One’s path, to my inward seeing,
Was light with a wondrous day,
And led to the heights of being,
And an angel showed the way.
The other lay where Marah’s
Hot sands with snares are strewn—
Through many a darksome forest,
And the way was roughly hewn.
A faith to my soul was given—
The weird sleep-vision o’er—
And I turned from the child in heaven
To the child that played on the floor.
* * * * *
LIFE’S WAY.
Good-bye, sweetheart, he said, and clasped her hand,
And rained his kisses on her tear-wet
face;
Then broke away, and in a foreign land.
For her dear sake, sought gold, that he
might place
Love’s jeweled crown upon his queen’s
fair brow,
And pour his hard-won treasures at her
feet;
And swore, than Heaven, than life itself, his vow
To her he held more sacred and more sweet.
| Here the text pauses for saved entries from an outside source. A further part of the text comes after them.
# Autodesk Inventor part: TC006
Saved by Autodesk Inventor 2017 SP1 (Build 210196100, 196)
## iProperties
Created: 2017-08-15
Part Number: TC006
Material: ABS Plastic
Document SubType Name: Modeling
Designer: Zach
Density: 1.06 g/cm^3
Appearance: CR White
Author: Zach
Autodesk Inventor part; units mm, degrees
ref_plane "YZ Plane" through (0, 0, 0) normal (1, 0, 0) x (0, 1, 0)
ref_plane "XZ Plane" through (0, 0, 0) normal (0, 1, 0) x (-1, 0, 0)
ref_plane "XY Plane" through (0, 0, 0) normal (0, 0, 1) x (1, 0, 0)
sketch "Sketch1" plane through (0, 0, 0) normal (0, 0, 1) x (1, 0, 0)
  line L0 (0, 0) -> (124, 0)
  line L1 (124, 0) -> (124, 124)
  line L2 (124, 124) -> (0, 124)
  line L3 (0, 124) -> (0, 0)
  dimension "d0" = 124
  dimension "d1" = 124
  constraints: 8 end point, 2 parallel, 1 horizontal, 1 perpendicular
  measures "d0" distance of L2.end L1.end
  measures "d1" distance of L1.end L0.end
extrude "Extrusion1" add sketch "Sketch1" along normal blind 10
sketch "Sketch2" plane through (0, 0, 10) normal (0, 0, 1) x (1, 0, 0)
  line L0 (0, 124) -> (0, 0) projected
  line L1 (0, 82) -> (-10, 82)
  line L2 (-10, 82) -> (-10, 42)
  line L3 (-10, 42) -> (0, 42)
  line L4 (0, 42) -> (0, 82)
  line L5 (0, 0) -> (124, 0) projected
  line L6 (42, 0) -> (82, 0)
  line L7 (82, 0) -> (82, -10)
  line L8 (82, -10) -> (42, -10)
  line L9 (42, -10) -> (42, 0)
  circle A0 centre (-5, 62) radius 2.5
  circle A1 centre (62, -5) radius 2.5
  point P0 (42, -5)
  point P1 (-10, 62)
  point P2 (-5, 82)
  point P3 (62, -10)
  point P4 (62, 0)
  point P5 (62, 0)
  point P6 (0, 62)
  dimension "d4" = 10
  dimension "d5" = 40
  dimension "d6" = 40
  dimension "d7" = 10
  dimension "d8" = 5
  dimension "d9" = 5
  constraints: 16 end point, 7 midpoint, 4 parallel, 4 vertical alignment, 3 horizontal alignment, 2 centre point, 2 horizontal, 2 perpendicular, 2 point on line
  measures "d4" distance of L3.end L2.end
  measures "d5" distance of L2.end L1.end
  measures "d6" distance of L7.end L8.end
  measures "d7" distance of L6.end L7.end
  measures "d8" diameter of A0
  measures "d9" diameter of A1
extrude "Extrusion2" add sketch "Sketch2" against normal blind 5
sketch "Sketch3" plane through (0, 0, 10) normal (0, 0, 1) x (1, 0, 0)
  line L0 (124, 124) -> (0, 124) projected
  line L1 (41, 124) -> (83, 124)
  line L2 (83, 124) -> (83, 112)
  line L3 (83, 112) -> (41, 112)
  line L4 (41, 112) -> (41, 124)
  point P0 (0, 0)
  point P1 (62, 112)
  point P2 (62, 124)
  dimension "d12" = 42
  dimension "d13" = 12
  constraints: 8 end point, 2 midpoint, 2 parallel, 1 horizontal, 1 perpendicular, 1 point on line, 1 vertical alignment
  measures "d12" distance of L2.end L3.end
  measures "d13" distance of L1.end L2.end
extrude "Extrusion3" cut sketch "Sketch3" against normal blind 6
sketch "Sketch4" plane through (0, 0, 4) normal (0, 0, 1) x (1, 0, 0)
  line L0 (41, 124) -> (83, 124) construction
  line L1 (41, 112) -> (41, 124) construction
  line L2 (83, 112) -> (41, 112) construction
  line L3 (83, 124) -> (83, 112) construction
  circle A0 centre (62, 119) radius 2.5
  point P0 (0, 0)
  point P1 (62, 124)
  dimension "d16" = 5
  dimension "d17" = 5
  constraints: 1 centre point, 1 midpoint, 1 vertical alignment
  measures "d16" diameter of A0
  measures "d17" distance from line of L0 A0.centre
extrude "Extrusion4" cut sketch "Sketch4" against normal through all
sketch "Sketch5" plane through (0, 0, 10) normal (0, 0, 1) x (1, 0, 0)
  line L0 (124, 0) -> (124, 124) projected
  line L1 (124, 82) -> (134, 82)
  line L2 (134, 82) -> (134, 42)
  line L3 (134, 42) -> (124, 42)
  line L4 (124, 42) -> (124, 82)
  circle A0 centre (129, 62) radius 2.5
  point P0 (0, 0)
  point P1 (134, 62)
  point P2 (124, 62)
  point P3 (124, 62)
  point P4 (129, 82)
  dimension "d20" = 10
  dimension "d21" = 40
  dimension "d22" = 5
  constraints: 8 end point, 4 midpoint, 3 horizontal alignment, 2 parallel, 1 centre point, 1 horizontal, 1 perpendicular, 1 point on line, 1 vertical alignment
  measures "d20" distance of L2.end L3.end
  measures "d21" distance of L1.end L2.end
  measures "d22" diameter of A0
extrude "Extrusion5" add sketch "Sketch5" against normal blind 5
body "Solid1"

She waited as the woman only may
Whose eyes are blinded oft with unshed
tears;
Lines on her forehead grew, and threads of gray;
The weary days crept into weary years.
“Oh stars, go down! Oh sun, be shrouded
now!
My love comes not; he does not live,”
she said;
And brushed the curls he’d kissed back from
her brow,
And pout on mourning for her dead.
And still as oft the day came round that he
Had left his warm good-bye upon her lips,
As oft she sought the head-land by sea,
And longing watched the far-off white-sailed
ships.
To-day, the low sand-beach was over-strewn;
Torn sail, and broken spar and human form,
’Gulfed by the waves, and crushed, and then
out-thrown—
A ship went down in yester-night’s
wild storm.
She walked among the debris, and the dead,
As some sweet mercy-sister on her round,
Scanning each up-turned face with nameless dread,
For aught of life; her tireless searching
found
A babe—a waif with tawny tangled locks,
And great blue eyes with wonder brimming
o’er;
Of all the human freight wrecked on the rocks,
The only living thing that washed ashore.
A pearl-gemmed golden case upon its breast
She oped, then stared, her eyes a-sudden
wild,
A name, a pictured face told all the rest;
His name—his face—his
child!
* * * * *
UNCLE SAM’S SOLILOQUY.
I’m a century old and more to-day—
A ripe old age for a modern man,—
Yet they who rocked my cradle, they say,
Predicted a thousand years my span;
They christened me at the fount of prayer,
And gave me a star-gemmed robe to wear.
My first free breath was battle-smoke
A prayerful nurses did not abhor
The sounds that first my ear awoke—
The clash and din and shout of war.
They pressed in my hand a crown of might
And pointed my way to the eagle’s flight.